Global financial services standards, such as the Payment Card Industry Data Security Standard (PCI DSS)
A range of regional legislation such as the Fair and Accurate Credit Transactions Act (FACTA) in the U.S. and regulations from the Center for Financial Industry Information Systems (FISC) in Japan.
Credit Union Needs
“Credit unions handle vast amounts of sensitive member information, from financial records to personally identifiable data, making the proper disposal and immediate sanitization of used IT devices a critical security priority,” Russ Ernst, CTO at Blancco, told Finopotamus. “When laptops, servers, or storage drives are retired without verified and auditable data erasure, they can become gateways for data breaches, identity theft, and regulatory violations.”

Ernst continued, “Safeguarding these assets is about more than just protecting hardware, it’s about maintaining compliance with privacy laws, upholding integrity, and preserving member trust that sets credit unions apart from larger financial institutions.”
Maintaining custody of used IT devices on premises adds an essential layer of control and accountability to data security, explained Ernst. “By protecting retired hardware while it remains within the credit union’s physical environment and making sure data is properly sanitized, institutions can significantly reduce the risk of loss, theft, or unauthorized access during transit or third-party handling. This practice ensures a clear chain of custody, strengthens compliance with data protection standards, and reinforces the credit union’s commitment to safeguarding member information at every stage of the device lifecycle.”
Additional Findings
The report also observed:
The importance of proper data sanitization and compliance with regulations and emerging technical standards, as well as the need to reconsider end-of-life data and device disposal strategies amid evolving risks and new advancements in AI.

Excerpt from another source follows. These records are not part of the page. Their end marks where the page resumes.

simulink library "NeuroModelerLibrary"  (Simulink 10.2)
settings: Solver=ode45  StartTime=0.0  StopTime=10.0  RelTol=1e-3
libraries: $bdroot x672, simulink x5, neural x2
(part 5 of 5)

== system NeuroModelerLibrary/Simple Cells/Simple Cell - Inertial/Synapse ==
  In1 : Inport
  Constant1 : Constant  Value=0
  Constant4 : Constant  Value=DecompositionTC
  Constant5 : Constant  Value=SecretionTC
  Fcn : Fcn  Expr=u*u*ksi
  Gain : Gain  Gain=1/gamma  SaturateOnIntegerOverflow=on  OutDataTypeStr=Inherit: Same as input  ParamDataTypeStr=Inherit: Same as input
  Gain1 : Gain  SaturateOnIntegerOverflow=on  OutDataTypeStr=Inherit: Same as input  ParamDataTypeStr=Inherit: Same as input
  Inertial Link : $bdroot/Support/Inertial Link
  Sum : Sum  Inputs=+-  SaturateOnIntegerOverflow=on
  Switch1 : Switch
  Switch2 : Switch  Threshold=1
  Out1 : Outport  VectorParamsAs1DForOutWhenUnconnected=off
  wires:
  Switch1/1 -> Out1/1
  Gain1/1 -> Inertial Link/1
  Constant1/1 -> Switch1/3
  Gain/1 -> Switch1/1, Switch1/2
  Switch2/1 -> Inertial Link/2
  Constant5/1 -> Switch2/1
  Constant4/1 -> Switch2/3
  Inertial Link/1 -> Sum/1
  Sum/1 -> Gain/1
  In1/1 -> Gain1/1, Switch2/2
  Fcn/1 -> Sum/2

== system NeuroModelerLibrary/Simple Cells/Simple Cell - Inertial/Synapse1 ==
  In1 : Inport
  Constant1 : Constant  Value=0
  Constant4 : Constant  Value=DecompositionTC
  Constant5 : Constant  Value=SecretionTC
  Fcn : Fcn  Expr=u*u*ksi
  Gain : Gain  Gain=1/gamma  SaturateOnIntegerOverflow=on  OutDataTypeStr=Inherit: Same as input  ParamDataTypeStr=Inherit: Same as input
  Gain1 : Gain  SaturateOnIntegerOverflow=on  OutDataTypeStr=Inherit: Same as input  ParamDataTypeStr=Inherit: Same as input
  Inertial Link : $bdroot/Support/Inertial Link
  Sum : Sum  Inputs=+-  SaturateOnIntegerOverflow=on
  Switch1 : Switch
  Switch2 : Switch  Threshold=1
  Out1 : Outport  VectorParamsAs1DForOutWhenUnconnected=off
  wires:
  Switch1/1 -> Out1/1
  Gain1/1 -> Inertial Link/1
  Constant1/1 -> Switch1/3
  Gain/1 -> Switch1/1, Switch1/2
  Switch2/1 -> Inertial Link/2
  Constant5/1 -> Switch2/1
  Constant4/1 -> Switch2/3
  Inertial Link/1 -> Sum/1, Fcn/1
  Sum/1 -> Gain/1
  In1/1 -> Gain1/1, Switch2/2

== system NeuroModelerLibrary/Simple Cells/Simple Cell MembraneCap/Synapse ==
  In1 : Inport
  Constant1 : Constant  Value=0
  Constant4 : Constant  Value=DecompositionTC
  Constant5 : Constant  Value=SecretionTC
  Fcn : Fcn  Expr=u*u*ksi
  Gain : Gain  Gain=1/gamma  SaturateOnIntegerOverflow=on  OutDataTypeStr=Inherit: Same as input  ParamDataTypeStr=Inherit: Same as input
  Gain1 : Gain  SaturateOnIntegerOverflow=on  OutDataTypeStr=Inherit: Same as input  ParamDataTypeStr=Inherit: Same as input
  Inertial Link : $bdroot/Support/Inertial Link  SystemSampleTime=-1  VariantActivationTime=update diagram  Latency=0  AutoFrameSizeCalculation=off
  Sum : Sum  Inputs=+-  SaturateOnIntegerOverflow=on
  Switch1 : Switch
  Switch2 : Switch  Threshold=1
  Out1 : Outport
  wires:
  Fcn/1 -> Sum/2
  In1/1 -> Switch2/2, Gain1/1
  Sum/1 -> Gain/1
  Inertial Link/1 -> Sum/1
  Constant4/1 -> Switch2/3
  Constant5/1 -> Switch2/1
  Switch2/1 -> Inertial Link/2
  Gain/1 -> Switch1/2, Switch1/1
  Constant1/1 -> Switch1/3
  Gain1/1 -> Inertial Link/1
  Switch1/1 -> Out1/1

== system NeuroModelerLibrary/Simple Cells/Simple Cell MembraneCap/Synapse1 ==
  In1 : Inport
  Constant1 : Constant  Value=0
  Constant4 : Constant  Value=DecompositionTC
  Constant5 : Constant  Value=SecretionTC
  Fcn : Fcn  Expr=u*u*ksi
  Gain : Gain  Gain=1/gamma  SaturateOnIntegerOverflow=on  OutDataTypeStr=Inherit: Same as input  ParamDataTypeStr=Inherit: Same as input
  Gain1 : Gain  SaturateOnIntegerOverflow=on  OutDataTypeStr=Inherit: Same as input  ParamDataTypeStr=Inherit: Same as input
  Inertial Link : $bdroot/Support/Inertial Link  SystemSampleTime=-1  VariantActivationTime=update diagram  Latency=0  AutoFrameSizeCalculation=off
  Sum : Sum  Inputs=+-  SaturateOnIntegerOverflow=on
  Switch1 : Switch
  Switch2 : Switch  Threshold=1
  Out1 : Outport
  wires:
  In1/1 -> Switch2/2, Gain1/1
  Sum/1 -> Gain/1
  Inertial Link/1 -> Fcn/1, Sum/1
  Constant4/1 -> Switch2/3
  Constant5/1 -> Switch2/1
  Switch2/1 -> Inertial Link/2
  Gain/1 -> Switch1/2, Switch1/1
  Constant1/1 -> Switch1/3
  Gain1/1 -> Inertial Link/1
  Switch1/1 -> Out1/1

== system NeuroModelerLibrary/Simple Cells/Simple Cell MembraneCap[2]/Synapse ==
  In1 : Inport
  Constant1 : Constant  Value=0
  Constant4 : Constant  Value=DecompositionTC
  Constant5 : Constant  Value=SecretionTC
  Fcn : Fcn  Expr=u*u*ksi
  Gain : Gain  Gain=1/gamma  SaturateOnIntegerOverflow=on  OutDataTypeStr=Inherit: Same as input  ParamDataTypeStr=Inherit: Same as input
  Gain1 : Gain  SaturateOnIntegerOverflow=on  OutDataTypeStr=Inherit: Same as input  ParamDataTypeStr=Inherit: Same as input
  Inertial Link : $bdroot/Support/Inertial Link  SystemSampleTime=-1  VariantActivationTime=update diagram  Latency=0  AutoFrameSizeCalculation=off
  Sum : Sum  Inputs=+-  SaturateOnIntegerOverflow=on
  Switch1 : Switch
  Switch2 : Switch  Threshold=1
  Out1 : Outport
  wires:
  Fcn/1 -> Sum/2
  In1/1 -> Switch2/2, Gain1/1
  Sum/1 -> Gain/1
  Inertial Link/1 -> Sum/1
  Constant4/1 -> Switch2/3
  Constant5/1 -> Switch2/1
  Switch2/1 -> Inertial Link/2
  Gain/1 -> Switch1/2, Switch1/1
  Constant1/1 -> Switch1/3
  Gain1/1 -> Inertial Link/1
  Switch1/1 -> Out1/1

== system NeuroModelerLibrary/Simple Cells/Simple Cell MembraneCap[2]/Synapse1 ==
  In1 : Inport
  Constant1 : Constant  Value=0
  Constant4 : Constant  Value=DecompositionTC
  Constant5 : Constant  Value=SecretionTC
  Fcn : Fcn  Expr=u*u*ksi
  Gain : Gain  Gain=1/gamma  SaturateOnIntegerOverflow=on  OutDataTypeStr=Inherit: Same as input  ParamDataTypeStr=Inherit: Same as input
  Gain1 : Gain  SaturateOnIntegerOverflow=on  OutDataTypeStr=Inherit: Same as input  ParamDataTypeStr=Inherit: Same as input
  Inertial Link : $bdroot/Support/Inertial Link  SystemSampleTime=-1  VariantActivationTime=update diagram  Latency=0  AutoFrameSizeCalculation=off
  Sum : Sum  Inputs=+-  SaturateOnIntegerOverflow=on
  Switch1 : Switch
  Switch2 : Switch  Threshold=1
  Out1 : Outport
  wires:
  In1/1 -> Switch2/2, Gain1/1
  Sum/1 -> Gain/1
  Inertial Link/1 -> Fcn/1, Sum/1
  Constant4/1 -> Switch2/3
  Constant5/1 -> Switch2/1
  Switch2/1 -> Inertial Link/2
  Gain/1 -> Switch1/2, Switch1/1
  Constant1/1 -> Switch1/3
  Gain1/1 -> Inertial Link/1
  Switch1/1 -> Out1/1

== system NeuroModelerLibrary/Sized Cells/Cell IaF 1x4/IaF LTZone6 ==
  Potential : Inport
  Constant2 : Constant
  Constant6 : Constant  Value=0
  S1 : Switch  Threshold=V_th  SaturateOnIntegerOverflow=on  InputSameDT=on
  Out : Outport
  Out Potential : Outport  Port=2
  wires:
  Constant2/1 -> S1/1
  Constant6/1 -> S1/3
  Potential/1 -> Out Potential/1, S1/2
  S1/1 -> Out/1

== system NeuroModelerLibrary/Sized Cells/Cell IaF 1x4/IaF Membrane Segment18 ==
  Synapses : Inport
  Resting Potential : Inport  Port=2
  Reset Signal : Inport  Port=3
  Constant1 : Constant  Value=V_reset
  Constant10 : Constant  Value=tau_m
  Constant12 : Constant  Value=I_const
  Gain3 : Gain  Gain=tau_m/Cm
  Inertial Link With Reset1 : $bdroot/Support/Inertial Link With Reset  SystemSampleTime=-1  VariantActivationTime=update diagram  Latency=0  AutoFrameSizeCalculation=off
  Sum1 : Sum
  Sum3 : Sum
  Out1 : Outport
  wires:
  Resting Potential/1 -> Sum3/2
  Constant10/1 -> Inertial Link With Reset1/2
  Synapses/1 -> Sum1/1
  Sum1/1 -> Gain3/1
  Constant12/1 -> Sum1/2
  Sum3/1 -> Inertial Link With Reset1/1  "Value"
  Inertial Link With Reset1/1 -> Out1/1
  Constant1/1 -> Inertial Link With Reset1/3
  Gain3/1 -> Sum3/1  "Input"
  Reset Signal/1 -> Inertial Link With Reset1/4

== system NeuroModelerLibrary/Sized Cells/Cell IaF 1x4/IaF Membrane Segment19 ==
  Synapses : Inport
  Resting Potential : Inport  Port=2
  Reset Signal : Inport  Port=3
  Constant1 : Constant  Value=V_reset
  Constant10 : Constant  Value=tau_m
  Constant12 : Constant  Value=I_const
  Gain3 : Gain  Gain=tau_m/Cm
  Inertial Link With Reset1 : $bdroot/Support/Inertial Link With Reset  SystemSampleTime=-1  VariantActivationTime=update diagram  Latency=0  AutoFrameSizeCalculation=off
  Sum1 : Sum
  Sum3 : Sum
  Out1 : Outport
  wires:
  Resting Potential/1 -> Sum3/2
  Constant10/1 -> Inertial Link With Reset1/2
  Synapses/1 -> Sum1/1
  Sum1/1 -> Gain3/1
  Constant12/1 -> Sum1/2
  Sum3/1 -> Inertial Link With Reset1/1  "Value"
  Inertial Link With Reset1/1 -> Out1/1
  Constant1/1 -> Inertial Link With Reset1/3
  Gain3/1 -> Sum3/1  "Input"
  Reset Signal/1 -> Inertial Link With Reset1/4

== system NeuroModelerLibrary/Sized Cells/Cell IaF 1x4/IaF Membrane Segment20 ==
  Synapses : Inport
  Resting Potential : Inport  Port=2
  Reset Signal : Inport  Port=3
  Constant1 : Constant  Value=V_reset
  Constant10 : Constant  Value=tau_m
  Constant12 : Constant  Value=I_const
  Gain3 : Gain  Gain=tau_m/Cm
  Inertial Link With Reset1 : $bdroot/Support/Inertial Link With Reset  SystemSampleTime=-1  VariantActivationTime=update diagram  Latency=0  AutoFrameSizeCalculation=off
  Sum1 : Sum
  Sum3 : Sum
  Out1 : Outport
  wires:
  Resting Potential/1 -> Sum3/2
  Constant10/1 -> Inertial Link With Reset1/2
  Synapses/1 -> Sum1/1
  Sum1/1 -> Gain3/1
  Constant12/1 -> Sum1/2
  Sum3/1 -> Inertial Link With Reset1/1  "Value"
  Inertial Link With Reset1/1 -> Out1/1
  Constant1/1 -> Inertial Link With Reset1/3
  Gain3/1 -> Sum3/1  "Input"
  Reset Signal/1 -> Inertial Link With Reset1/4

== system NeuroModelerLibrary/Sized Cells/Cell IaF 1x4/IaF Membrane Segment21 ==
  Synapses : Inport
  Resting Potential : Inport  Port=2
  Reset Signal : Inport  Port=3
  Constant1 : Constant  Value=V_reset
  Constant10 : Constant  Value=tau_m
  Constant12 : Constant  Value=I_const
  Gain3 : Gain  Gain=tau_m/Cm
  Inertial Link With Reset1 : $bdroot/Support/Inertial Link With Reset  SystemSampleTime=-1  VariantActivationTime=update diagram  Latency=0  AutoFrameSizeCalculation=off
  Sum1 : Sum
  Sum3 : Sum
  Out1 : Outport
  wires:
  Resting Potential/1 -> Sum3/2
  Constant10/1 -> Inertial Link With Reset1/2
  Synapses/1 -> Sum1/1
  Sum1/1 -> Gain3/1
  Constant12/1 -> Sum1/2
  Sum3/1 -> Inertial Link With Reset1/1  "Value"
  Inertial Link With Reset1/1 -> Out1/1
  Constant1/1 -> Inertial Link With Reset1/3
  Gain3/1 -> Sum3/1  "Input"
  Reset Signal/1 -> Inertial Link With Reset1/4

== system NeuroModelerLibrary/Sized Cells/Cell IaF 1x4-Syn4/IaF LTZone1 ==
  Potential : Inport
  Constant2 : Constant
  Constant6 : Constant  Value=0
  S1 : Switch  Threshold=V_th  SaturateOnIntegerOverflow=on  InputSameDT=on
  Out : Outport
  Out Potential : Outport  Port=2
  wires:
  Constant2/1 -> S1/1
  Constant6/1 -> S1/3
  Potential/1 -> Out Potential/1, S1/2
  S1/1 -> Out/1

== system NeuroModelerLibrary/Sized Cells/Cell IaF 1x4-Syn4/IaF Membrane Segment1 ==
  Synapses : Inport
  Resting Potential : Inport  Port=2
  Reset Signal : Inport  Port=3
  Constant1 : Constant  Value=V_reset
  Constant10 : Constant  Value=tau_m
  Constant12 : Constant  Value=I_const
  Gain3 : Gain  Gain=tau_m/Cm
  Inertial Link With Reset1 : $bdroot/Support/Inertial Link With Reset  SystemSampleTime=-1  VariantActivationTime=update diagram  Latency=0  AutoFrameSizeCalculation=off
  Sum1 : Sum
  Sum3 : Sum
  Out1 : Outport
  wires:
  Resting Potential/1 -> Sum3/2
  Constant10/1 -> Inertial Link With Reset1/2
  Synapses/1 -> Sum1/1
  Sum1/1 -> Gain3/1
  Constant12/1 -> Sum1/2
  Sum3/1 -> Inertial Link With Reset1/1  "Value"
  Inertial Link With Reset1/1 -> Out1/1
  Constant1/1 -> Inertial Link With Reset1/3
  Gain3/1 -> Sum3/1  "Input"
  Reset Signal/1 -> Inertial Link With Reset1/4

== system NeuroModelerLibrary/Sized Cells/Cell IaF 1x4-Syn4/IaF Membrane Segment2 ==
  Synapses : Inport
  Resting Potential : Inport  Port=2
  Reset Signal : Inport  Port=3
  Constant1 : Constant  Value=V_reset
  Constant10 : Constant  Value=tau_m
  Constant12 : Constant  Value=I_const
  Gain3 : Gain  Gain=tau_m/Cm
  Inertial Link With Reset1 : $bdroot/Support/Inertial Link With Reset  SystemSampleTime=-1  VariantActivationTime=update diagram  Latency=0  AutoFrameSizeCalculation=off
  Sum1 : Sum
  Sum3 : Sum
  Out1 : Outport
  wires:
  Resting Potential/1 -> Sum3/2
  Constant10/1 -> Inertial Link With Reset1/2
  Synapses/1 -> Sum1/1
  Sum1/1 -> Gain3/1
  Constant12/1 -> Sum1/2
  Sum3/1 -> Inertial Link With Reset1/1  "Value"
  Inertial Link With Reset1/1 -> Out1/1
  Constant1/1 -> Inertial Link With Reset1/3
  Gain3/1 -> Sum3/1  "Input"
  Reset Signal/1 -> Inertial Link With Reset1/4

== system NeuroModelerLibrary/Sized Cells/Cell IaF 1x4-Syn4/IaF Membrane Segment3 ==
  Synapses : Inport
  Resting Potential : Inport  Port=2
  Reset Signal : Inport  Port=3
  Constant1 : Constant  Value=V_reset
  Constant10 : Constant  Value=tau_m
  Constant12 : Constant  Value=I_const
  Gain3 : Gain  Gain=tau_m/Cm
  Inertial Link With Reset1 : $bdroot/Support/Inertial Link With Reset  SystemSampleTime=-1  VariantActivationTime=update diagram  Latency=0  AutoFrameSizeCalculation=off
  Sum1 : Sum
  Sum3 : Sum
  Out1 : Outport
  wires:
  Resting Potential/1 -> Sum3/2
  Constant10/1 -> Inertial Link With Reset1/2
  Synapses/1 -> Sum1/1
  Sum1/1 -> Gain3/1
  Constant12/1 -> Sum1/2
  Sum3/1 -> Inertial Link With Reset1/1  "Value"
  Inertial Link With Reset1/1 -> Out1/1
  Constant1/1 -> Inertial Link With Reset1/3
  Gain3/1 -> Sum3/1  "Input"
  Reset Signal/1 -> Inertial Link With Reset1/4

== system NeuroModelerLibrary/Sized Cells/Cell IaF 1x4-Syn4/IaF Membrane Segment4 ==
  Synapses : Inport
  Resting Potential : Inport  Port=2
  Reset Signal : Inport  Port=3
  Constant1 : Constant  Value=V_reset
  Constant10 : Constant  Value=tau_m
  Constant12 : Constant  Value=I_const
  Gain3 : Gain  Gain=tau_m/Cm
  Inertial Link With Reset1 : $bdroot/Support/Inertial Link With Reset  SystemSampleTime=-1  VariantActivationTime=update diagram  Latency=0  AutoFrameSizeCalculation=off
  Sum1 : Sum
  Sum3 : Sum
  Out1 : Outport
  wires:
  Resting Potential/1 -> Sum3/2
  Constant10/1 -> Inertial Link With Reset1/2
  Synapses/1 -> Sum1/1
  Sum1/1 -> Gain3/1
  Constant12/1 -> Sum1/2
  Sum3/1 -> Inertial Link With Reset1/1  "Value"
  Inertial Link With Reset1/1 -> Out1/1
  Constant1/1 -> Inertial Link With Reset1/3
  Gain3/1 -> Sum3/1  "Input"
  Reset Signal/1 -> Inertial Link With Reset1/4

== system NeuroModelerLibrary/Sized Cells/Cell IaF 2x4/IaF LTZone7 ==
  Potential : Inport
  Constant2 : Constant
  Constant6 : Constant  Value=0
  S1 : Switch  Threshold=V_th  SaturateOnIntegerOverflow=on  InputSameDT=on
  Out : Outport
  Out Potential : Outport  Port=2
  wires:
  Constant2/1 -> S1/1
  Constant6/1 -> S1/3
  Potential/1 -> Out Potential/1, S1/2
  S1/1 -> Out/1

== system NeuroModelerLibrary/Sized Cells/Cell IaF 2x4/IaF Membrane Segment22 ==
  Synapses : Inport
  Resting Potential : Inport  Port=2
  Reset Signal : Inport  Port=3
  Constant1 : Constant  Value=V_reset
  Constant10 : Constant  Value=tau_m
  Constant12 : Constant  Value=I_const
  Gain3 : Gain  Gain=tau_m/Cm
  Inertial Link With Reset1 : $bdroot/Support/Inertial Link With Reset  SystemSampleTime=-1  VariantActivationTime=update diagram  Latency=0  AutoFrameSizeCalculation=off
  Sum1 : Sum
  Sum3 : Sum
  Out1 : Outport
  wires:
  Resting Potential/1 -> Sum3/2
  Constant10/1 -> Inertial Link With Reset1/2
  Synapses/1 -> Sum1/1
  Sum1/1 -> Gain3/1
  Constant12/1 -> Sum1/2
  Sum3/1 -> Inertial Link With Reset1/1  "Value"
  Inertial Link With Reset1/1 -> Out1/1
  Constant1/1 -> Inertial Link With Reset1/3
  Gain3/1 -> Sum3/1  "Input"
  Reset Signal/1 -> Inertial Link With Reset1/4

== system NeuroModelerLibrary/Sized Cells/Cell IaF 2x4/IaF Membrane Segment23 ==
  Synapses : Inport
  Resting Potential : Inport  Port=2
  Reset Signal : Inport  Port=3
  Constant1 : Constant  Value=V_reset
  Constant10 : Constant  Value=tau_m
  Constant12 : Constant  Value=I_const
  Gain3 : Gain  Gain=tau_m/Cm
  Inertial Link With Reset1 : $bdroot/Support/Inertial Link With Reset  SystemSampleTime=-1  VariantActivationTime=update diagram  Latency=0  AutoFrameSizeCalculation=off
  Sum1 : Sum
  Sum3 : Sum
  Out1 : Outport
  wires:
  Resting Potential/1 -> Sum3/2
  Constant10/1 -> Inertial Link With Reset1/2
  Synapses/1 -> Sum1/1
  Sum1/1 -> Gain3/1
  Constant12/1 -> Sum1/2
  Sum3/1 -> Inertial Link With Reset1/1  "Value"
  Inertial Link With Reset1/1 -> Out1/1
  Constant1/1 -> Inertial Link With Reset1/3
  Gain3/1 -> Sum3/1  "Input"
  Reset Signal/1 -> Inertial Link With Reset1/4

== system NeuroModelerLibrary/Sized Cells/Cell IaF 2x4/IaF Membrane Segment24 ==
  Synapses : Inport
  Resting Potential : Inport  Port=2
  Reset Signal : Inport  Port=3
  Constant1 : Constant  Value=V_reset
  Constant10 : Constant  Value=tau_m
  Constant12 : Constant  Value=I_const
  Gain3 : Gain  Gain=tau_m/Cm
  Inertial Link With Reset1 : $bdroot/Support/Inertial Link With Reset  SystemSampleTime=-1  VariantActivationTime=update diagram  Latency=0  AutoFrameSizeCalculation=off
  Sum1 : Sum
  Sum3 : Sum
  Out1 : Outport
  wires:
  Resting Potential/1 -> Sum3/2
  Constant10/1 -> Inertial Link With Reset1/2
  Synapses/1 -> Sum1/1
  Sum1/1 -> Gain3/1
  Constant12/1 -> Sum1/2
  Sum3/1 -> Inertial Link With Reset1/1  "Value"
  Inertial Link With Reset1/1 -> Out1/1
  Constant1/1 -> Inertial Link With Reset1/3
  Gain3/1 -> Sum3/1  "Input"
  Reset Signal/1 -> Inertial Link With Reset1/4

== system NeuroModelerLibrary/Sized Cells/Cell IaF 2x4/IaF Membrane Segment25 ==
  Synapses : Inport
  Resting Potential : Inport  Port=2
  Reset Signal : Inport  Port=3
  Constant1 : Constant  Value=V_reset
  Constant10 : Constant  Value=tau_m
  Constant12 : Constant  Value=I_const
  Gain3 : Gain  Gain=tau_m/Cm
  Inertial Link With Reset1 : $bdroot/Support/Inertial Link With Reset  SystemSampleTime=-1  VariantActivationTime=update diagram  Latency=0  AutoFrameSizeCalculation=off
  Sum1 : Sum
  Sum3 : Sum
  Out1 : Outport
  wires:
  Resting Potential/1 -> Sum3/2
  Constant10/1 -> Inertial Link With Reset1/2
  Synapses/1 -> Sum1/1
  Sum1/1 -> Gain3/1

The vast majority of financial services sector respondents – 86% – said their organizations have deployed some form of AI. However, around a quarter said AI adoption made it more difficult to achieve regulatory compliance and nearly 30% reported increased collection of redundant, obsolete and trivial data.
Overall, 60% of financial services organizations increased their compliance spending in the past year—by an average of 47%. Not only is this sector affected by general data privacy laws; new compliance requirements are often industry-specific, and sometimes apply only to a subset of the sector, such as organizations regulated by the U.S. Securities and Exchange Commission (SEC).
Adoption of modern sanitization standards remains low. Only one in five respondents shared that their organization requires compliance with the two most prominent data sanitization standards: NIST SP 800-88 Rev 1 (the National Institute for Standards and Technology Guidelines for Media Sanitization,”), 21%; and IEEE 2883 (from the Institute of Electrical and Electronics Engineers), 19%, both of which support media reuse after proper sanitization. “Low adoption of these standards creates unnecessary risk, added cost, and waste in the financial services sector.”
Organizations unnecessarily destroy nearly half of functional devices. “Many financial institutions default to physical destruction when retiring hardware. A significant share of these devices—up to 47% for data center assets—were still operational at the time of destruction, unnecessarily increasing e-waste and replacement costs” observed the Blancco report. However, because it is possible to securely refurbish functional devices, revising policies would cut down on waste, increase efficiency, and even provide options for improved chain-of-custody safeguards for additional risk reduction.”